▶ INSTRUCTIONS FOR THE TASK:
Both the line below containing "#95=AXIS2_PLACEMENT_3D('',#92,#93,#94);" and the line containing "#103=VERTEX_POINT('',#102);", along with every line between them, should be repeated exactly; no other line belongs in the answer.

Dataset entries
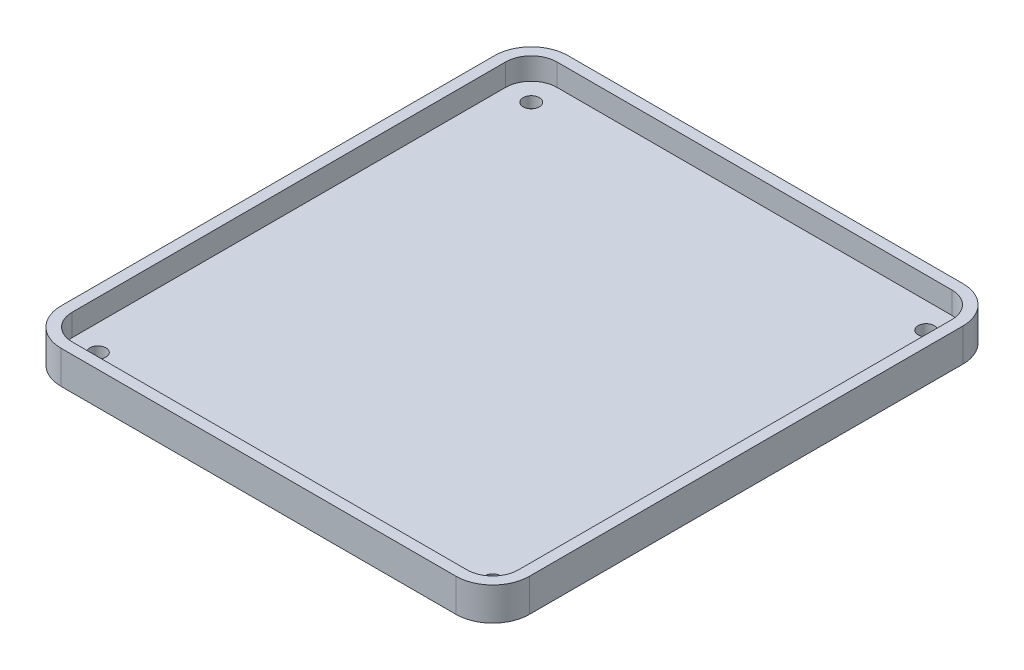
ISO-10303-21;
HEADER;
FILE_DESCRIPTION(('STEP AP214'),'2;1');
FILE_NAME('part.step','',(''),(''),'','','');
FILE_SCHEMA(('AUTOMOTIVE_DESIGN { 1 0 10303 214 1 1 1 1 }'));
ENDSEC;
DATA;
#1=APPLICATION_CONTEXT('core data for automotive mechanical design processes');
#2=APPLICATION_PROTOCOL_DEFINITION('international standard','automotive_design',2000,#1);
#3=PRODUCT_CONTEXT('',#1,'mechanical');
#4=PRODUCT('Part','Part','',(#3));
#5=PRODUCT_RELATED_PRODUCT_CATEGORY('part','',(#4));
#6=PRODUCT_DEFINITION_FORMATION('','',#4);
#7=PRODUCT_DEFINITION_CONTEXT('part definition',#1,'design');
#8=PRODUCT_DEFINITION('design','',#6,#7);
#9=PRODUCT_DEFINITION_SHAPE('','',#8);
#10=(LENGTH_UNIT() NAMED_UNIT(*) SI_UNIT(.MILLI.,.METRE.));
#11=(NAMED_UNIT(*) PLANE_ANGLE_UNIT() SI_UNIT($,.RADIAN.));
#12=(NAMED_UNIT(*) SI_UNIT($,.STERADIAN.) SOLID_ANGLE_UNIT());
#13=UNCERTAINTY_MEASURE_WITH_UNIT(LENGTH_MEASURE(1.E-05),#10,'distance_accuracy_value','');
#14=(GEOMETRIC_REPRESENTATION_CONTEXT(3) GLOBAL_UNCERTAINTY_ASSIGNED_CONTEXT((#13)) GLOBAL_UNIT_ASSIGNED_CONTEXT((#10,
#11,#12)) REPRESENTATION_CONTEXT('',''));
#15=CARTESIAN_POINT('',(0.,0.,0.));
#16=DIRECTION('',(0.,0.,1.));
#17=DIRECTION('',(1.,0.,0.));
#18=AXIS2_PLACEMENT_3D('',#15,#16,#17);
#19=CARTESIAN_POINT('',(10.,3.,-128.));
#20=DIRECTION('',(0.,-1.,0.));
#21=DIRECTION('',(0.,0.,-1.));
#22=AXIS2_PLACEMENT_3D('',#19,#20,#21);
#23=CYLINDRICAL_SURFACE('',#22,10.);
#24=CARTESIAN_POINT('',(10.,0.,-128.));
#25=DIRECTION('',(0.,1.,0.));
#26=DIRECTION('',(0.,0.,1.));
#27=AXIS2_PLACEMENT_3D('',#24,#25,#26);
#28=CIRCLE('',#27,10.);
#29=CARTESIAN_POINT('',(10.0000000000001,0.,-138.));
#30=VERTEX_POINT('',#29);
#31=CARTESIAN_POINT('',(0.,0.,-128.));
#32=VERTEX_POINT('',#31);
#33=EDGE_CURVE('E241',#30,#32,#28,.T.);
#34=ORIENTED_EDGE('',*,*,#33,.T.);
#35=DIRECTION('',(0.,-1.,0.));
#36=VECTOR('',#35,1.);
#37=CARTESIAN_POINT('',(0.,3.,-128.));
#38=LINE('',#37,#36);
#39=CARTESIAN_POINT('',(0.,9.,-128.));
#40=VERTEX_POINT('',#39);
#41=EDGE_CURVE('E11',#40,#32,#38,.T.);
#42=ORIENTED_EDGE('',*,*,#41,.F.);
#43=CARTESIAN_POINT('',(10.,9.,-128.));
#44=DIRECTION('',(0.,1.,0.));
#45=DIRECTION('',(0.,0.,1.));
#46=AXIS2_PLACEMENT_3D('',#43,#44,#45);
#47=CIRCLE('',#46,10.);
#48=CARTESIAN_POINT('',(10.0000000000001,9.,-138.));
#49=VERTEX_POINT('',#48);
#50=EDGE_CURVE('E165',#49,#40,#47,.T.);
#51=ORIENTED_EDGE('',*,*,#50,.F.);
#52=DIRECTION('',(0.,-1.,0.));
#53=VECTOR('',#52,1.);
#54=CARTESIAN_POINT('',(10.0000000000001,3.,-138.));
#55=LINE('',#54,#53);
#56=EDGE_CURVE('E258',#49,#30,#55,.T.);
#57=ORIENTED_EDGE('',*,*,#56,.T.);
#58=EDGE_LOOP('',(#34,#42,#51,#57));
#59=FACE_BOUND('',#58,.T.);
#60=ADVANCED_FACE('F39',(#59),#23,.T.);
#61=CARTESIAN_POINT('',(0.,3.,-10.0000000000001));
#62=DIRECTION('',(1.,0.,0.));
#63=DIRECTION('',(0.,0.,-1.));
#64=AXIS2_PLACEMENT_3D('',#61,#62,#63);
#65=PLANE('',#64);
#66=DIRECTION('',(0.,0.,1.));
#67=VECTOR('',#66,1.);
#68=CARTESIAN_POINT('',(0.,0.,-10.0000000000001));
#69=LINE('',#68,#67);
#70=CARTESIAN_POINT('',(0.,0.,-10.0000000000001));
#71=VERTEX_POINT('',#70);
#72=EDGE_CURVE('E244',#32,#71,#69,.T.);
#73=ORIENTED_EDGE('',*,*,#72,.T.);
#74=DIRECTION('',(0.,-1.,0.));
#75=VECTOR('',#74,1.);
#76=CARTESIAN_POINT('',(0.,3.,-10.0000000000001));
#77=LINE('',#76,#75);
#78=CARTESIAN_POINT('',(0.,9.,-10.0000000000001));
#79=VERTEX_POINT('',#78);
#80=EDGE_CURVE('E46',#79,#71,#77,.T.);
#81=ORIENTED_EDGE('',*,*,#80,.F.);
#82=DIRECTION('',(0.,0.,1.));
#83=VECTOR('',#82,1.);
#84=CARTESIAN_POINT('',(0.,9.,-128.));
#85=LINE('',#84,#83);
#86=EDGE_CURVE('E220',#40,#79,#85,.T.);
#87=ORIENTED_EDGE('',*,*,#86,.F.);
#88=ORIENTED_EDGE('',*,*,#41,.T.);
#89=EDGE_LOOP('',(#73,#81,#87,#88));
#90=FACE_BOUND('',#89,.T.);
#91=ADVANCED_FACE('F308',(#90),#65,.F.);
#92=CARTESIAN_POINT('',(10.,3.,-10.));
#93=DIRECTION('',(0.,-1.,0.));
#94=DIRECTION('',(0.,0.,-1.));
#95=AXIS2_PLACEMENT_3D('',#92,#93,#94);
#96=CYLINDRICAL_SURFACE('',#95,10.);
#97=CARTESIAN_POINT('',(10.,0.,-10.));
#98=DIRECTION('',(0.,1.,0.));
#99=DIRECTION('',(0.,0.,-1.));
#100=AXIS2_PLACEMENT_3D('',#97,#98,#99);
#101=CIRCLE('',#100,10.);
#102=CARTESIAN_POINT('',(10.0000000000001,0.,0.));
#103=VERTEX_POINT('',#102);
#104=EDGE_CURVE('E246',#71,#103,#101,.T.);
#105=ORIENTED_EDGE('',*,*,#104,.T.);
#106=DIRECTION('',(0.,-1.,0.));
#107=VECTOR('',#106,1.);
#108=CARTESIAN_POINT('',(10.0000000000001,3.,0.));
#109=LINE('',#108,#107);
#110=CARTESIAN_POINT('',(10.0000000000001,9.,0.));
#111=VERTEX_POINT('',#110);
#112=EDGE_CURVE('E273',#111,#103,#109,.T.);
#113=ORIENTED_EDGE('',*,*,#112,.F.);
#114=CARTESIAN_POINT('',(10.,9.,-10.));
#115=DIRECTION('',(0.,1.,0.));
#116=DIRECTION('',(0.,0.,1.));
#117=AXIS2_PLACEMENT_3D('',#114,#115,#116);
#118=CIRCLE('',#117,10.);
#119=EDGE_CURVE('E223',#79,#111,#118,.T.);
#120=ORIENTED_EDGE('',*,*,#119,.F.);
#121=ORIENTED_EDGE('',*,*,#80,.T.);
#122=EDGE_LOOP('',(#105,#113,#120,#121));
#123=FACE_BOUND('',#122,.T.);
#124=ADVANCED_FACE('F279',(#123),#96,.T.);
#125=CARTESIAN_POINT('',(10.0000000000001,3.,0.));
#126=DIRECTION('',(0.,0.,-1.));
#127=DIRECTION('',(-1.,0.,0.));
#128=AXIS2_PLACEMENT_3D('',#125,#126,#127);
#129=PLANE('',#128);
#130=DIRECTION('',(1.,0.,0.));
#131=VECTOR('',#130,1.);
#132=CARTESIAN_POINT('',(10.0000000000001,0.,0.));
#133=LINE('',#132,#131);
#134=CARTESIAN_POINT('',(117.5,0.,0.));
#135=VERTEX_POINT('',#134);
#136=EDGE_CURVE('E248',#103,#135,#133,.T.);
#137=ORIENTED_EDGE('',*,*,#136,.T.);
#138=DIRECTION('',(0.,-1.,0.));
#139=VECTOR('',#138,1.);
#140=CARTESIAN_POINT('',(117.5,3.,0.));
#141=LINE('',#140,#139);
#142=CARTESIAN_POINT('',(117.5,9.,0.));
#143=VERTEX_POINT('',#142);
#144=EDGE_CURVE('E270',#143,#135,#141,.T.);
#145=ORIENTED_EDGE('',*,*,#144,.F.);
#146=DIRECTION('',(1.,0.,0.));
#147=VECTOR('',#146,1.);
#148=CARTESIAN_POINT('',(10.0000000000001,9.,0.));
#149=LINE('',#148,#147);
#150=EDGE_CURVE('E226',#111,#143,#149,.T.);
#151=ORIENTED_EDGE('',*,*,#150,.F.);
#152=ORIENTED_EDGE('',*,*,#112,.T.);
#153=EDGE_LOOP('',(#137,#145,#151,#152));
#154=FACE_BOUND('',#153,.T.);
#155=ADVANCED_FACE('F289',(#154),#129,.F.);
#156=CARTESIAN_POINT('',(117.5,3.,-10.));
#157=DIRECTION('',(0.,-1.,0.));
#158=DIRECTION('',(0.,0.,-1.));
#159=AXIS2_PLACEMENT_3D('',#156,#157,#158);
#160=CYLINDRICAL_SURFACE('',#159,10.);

▶ FINISHED TASK:
#95=AXIS2_PLACEMENT_3D('',#92,#93,#94);
#96=CYLINDRICAL_SURFACE('',#95,10.);
#97=CARTESIAN_POINT('',(10.,0.,-10.));
#98=DIRECTION('',(0.,1.,0.));
#99=DIRECTION('',(0.,0.,-1.));
#100=AXIS2_PLACEMENT_3D('',#97,#98,#99);
#101=CIRCLE('',#100,10.);
#102=CARTESIAN_POINT('',(10.0000000000001,0.,0.));
#103=VERTEX_POINT('',#102);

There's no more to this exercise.